Pelo motivo dos 1025 anos do "Batismo da Rússia" (o rei São Vladimir, neto de Santa Olga, cristianizou toda a Rússia original -na Ucrânia- no ano 998), o novo Vladimir convocou os líderes das igrejas ortodoxas para reforçar seu papel como protetor dos cristãos, lamentando que a Europa e a América não façam nada pelos cristãos perseguidos nas terras do Islã.
Constantino convocava concílios...
Se o imperador Constantino e seus herdeiros convocaram concílios na Segunda Roma (Constantinopla), Putin representa sua liderança protetora da Terceira Roma, e chamou delegações de 15 igrejas ortodoxas auto-céfalas que somam uns 225 milhões de cristãos (a imensa maioria na Rússia, onde os praticantes são escassos: entre 2 e 5% dos ortodoxos vão à Igreja, inclusive na Páscoa).
As 15 igrejas assistentes:
- Constantinopla
- Alexandria (ortodoxos do Egito e da África, não são coptos)
- Antioquia (ortodoxos sírios)
- Jerusalém
- Geórgia
- Sérvia
- Albânia
- Romênia
- Bulgária
- Chipre
- Polônia
- Tcheca
- Eslováquia
- Grécia
- Rússia
- Igreja Ortodoxa Russa na América
Mesmo participando os Patriarcas da Rússia, Geórgia, Romênia e outros países, o Patriarca ecumênico Bartolomeu I de Constantinopla enviou só um delegado de posição menor.

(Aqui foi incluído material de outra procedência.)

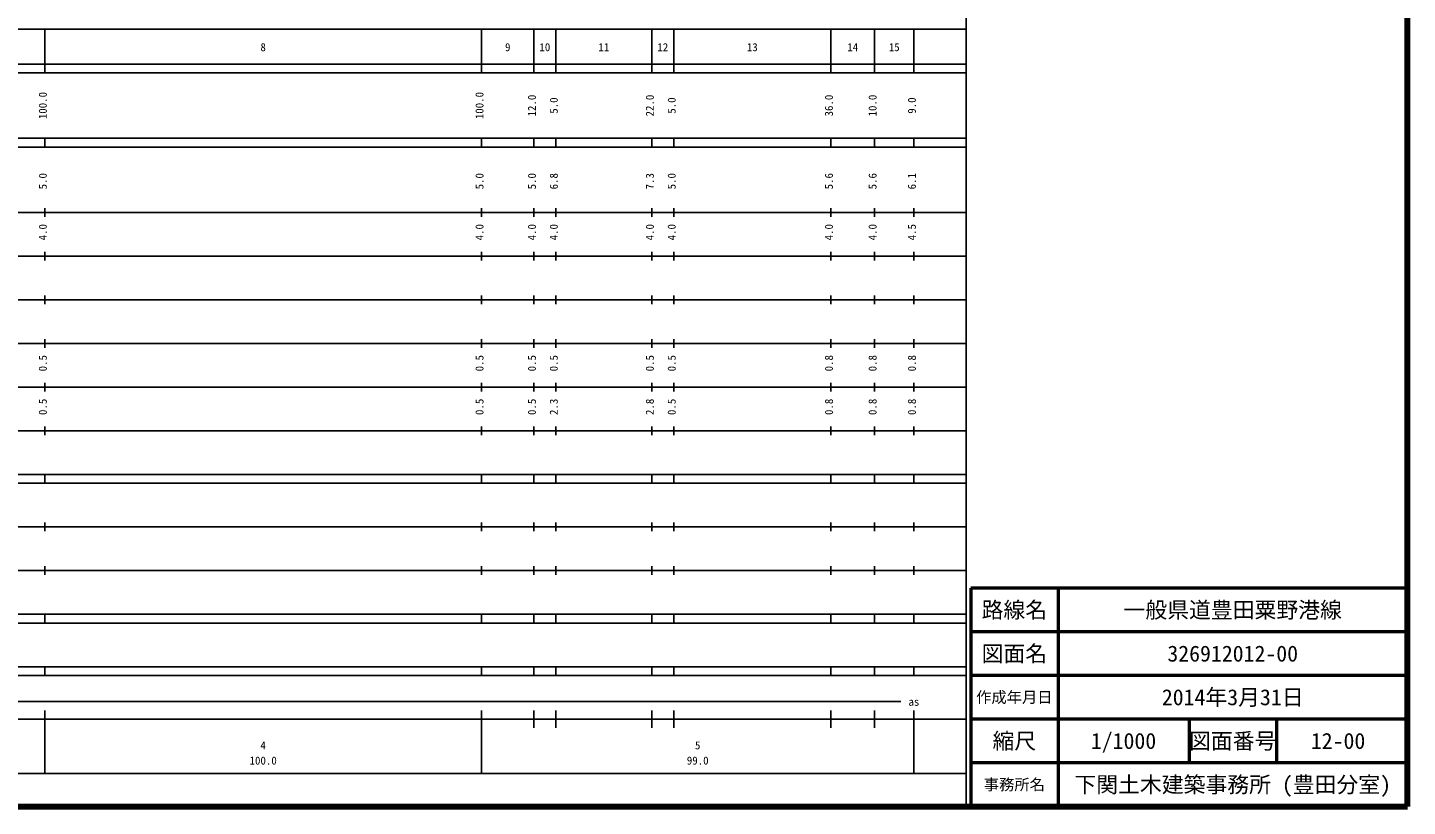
# Model space of a CAD drawing. Units: millimetres on the paper, enlarged 1000 times. Extents: x 40000 to 680000, y 20000 to 380000.
# Drawn here: x 364060 to 680000, y 20000 to 198357 of the extents above; entities that cross this region are included whole.
import ezdxf
from ezdxf.enums import TextEntityAlignment as Align

# ---------------------------------------------------------------- set-up
doc = ezdxf.new("R2010")
doc.units = ezdxf.units.MM
doc.header["$LTSCALE"] = 1000
for name, color, linetype, lineweight in [('M-TTL', 2, 'Continuous', 140), ('M-TTL-BAND', 7, 'Continuous', 25), ('M-TTL-FRAM', 2, 'Continuous', 50), ('M-TTL-LINE', 7, 'Continuous', 50)]:
    doc.layers.add(name, color=color, linetype=linetype, lineweight=lineweight)
doc.layers.add('M-TTL-TXT', color=7, linetype='Continuous')
doc.styles.add('ＭＳ ゴシック', font='')
doc.styles.get('ＭＳ ゴシック').set_extended_font_data('MS Gothic')

msp = doc.modelspace()

# ---------------------------------------------------------------- linework, layer by layer
at = {"layer": 'M-TTL'}
for p, q in [((680000, 20000), (680000, 380000)), ((40000, 20000), (680000, 20000))]:
    msp.add_line(p, q, dxfattribs=at)
at = {"layer": 'M-TTL-BAND'}
for p, q in [((579000, 20000), (579000, 370000)), ((68000, 198000), (579000, 198000)), ((368000, 188000), (368000, 198000)), ((468000, 188000), (468000, 198000)), ((480000, 188000), (480000, 198000)), ((485000, 188000), (485000, 198000)), ((507000, 188000), (507000, 198000)), ((512000, 188000), (512000, 198000)), ((548000, 188000), (548000, 198000)), ((558000, 188000), (558000, 198000)), ((567000, 188000), (567000, 198000)), ((40000, 190000), (579000, 190000)), ((40000, 188000), (579000, 188000)), ((40000, 173000), (579000, 173000)), ((40000, 171000), (579000, 171000)), ((368000, 171000), (368000, 173000)), ((468000, 171000), (468000, 173000)), ((480000, 171000), (480000, 173000)), ((485000, 171000), (485000, 173000)), ((507000, 171000), (507000, 173000)), ((512000, 171000), (512000, 173000)), ((548000, 171000), (548000, 173000)), ((558000, 171000), (558000, 173000)), ((567000, 171000), (567000, 173000)), ((40000, 156000), (579000, 156000)), ((368000, 155000), (368000, 157000)), ((468000, 155000), (468000, 157000)), ((480000, 155000), (480000, 157000)), ((485000, 155000), (485000, 157000)), ((507000, 155000), (507000, 157000)), ((512000, 155000), (512000, 157000)), ((548000, 155000), (548000, 157000)), ((558000, 155000), (558000, 157000)), ((567000, 155000), (567000, 157000)), ((46000, 146000), (579000, 146000)), ((368000, 145000), (368000, 147000)), ((468000, 145000), (468000, 147000)), ((480000, 145000), (480000, 147000)), ((485000, 145000), (485000, 147000)), ((507000, 145000), (507000, 147000)), ((512000, 145000), (512000, 147000)), ((548000, 145000), (548000, 147000)), ((558000, 145000), (558000, 147000)), ((567000, 145000), (567000, 147000)), ((52000, 136000), (579000, 136000)), ((368000, 135000), (368000, 137000)), ((468000, 135000), (468000, 137000)), ((480000, 135000), (480000, 137000)), ((485000, 135000), (485000, 137000)), ((507000, 135000), (507000, 137000)), ((512000, 135000), (512000, 137000)), ((548000, 135000), (548000, 137000)), ((558000, 135000), (558000, 137000)), ((567000, 135000), (567000, 137000)), ((368000, 125000), (368000, 127000)), ((468000, 125000), (468000, 127000)), ((480000, 125000), (480000, 127000)), ((485000, 125000), (485000, 127000)), ((507000, 125000), (507000, 127000)), ((512000, 125000), (512000, 127000)), ((548000, 125000), (548000, 127000)), ((558000, 125000), (558000, 127000)), ((567000, 125000), (567000, 127000)), ((46000, 126000), (579000, 126000)), ((368000, 115000), (368000, 117000)), ((468000, 115000), (468000, 117000)), ((480000, 115000), (480000, 117000)), ((485000, 115000), (485000, 117000)), ((507000, 115000), (507000, 117000)), ((512000, 115000), (512000, 117000)), ((548000, 115000), (548000, 117000)), ((558000, 115000), (558000, 117000)), ((567000, 115000), (567000, 117000)), ((52000, 116000), (579000, 116000)), ((46000, 106000), (579000, 106000)), ((368000, 105000), (368000, 107000)), ((468000, 105000), (468000, 107000)), ((480000, 105000), (480000, 107000)), ((485000, 105000), (485000, 107000)), ((507000, 105000), (507000, 107000)), ((512000, 105000), (512000, 107000)), ((548000, 105000), (548000, 107000)), ((558000, 105000), (558000, 107000)), ((567000, 105000), (567000, 107000)), ((40000, 96000), (579000, 96000)), ((368000, 94000), (368000, 96000)), ((468000, 94000), (468000, 96000)), ((480000, 94000), (480000, 96000)), ((485000, 94000), (485000, 96000)), ((507000, 94000), (507000, 96000)), ((512000, 94000), (512000, 96000)), ((548000, 94000), (548000, 96000)), ((558000, 94000), (558000, 96000)), ((567000, 94000), (567000, 96000)), ((40000, 94000), (579000, 94000)), ((49000, 84000), (579000, 84000)), ((368000, 83000), (368000, 85000)), ((468000, 83000), (468000, 85000)), ((480000, 83000), (480000, 85000)), ((485000, 83000), (485000, 85000)), ((507000, 83000), (507000, 85000)), ((512000, 83000), (512000, 85000)), ((548000, 83000), (548000, 85000)), ((558000, 83000), (558000, 85000)), ((567000, 83000), (567000, 85000)), ((40000, 74000), (579000, 74000)), ((368000, 73000), (368000, 75000)), ((468000, 73000), (468000, 75000)), ((480000, 73000), (480000, 75000)), ((485000, 73000), (485000, 75000)), ((507000, 73000), (507000, 75000)), ((512000, 73000), (512000, 75000)), ((548000, 73000), (548000, 75000)), ((558000, 73000), (558000, 75000)), ((567000, 73000), (567000, 75000)), ((40000, 64000), (579000, 64000)), ((368000, 62000), (368000, 64000)), ((468000, 62000), (468000, 64000)), ((480000, 62000), (480000, 64000)), ((485000, 62000), (485000, 64000)), ((507000, 62000), (507000, 64000)), ((512000, 62000), (512000, 64000)), ((548000, 62000), (548000, 64000)), ((558000, 62000), (558000, 64000)), ((567000, 62000), (567000, 64000)), ((40000, 62000), (579000, 62000)), ((40000, 52000), (579000, 52000)), ((368000, 50000), (368000, 52000)), ((468000, 50000), (468000, 52000)), ((480000, 50000), (480000, 52000)), ((485000, 50000), (485000, 52000)), ((507000, 50000), (507000, 52000)), ((512000, 50000), (512000, 52000)), ((548000, 50000), (548000, 52000)), ((558000, 50000), (558000, 52000)), ((567000, 50000), (567000, 52000)), ((40000, 50000), (579000, 50000)), ((71000, 44000), (564000, 44000)), ((368000, 27500), (368000, 42000)), ((468000, 27500), (468000, 42000)), ((480000, 38000), (480000, 42000)), ((485000, 38000), (485000, 42000)), ((507000, 38000), (507000, 42000)), ((512000, 38000), (512000, 42000)), ((548000, 38000), (548000, 42000)), ((558000, 38000), (558000, 42000)), ((567000, 27500), (567000, 42000)), ((40000, 40000), (579000, 40000)), ((68000, 27500), (579000, 27500))]:
    msp.add_line(p, q, dxfattribs=at)
at = {"layer": 'M-TTL-FRAM'}
for p, q in [((680000, 70000), (580000, 70000)), ((580000, 70000), (580000, 20000))]:
    msp.add_line(p, q, dxfattribs=at)
at = {"layer": 'M-TTL-LINE'}
for p, q in [((600000, 70000), (600000, 20000)), ((680000, 60000), (580000, 60000)), ((680000, 50000), (580000, 50000)), ((680000, 40000), (580000, 40000)), ((630000, 40000), (630000, 30000)), ((650000, 40000), (650000, 30000)), ((680000, 30000), (580000, 30000))]:
    msp.add_line(p, q, dxfattribs=at)

# ---------------------------------------------------------------- texts
at = {"layer": 'M-TTL-BAND', "style": 'ＭＳ ゴシック'}
for s, p in [('8', (418000, 192405)), ('9', (474000, 192405)), ('10', (482500, 192405)), ('11', (496000, 192405)), ('12', (509500, 192405)), ('13', (530000, 192405)), ('14', (553000, 192405)), ('15', (562500, 192405)), ('as', (567000, 42500)), ('4', (418000, 32523)), ('5', (517500, 32523)), ('100.0', (418000, 29033)), ('99.0', (517500, 29033))]:
    msp.add_text(s, height=1833, dxfattribs=at).set_placement(p, align=Align.BOTTOM_CENTER)
for s, p in [('100.0', (369000, 180500)), ('100.0', (469000, 180500)), ('12.0', (481000, 180500)), ('5.0', (486000, 180500)), ('22.0', (508000, 180500)), ('5.0', (513000, 180500)), ('36.0', (549000, 180500)), ('10.0', (559000, 180500)), ('9.0', (568000, 180500)), ('5.0', (369000, 163174)), ('5.0', (469000, 163174)), ('5.0', (481000, 163174)), ('6.8', (486000, 163174)), ('7.3', (508000, 163174)), ('5.0', (513000, 163174)), ('5.6', (549000, 163174)), ('5.6', (559000, 163174)), ('6.1', (568000, 163174)), ('4.0', (369000, 151500)), ('4.0', (469000, 151500)), ('4.0', (481000, 151500)), ('4.0', (486000, 151500)), ('4.0', (508000, 151500)), ('4.0', (513000, 151500)), ('4.0', (549000, 151500)), ('4.0', (559000, 151500)), ('4.5', (568000, 151500)), ('0.5', (369000, 121500)), ('0.5', (469000, 121500)), ('0.5', (481000, 121500)), ('0.5', (486000, 121500)), ('0.5', (508000, 121500)), ('0.5', (513000, 121500)), ('0.8', (549000, 121500)), ('0.8', (559000, 121500)), ('0.8', (568000, 121500)), ('0.5', (369000, 111500)), ('0.5', (469000, 111500)), ('0.5', (481000, 111500)), ('2.3', (486000, 111500)), ('2.8', (508000, 111500)), ('0.5', (513000, 111500)), ('0.8', (549000, 111500)), ('0.8', (559000, 111500)), ('0.8', (568000, 111500))]:
    msp.add_text(s, height=1833, rotation=90, dxfattribs=at).set_placement(p, align=Align.BOTTOM_CENTER)
at = {"layer": 'M-TTL-TXT', "style": 'ＭＳ ゴシック'}
for s, height, p in [('路線名', 3666, (590000, 65000)), ('路線名', 3666, (590000, 65000)), ('一般県道豊田粟野港線', 3666, (640000, 65000)), ('図面名', 3666, (590000, 55000)), ('図面名', 3666, (590000, 55000)), ('326912012-00', 3666, (640000, 55000)), ('作成年月日', 2566, (590000, 45000)), ('作成年月日', 2566, (590000, 45000)), ('2014年3月31日', 3666, (640000, 45000)), ('縮尺', 3666, (590000, 35000)), ('縮尺', 3666, (590000, 35000)), ('1/1000', 3666, (615000, 35000)), ('図面番号', 3666, (640000, 35000)), ('図面番号', 3666, (640000, 35000)), ('12-00', 3666, (664125, 35000)), ('事務所名', 2566, (590000, 25000)), ('事務所名', 2566, (590000, 25000)), ('下関土木建築事務所 (豊田分室)', 3666, (640000, 25000))]:
    msp.add_text(s, height=height, dxfattribs=at).set_placement(p, align=Align.MIDDLE_CENTER)

doc.saveas('drawing.dxf')

As Igrejas ortodoxas ali reunidas decidiram emitir uma declaração alertando sobre a ameaça de desaparição dos cristãos na Síria por causa da guerra civil, sob a qual se solapa uma perseguição direta e violenta contra a minoria cristã.

Toda Síria afeta todo Oriente
"Não devemos permitir a desolação do Oriente Médio do ponto de vista da presença da cristandade. Isso seria uma catástrofe da civilização. Nossas origens estão ali, dali provém nossa fé", avisou o Patriarca Kiril de Moscou.
O patriarca russo recordou que no passado já houve outros casos em que os cristãos ortodoxos foram expulsos dessa região de maioria muçulmana. E advertiu que o que ocorrer com a comunidade cristã na Síria influirá na sorte dos cristãos em todo Oriente Médio.
Rússia, exemplo de paz inter-religiosa
Putin falou como um estadista com visão global tentando despertar a comunidade internacional. Recordou que se violam os direitos das minorias religiosas em todo o mundo, especialmente os dos cristãos, e que a humanidade "deve tomar medidas para freá-lo". Mencionou "especialmente o Oriente Médio e a África do Norte".
E postulou o exemplo da Rússia como país de grande tamanho, com grande diversidade religiosa, abundância de população muçulmana e "enorme experiência em chegar a um acordo e uma paz inter-confessional", experiência que a Rússia está disposta a compartilhar.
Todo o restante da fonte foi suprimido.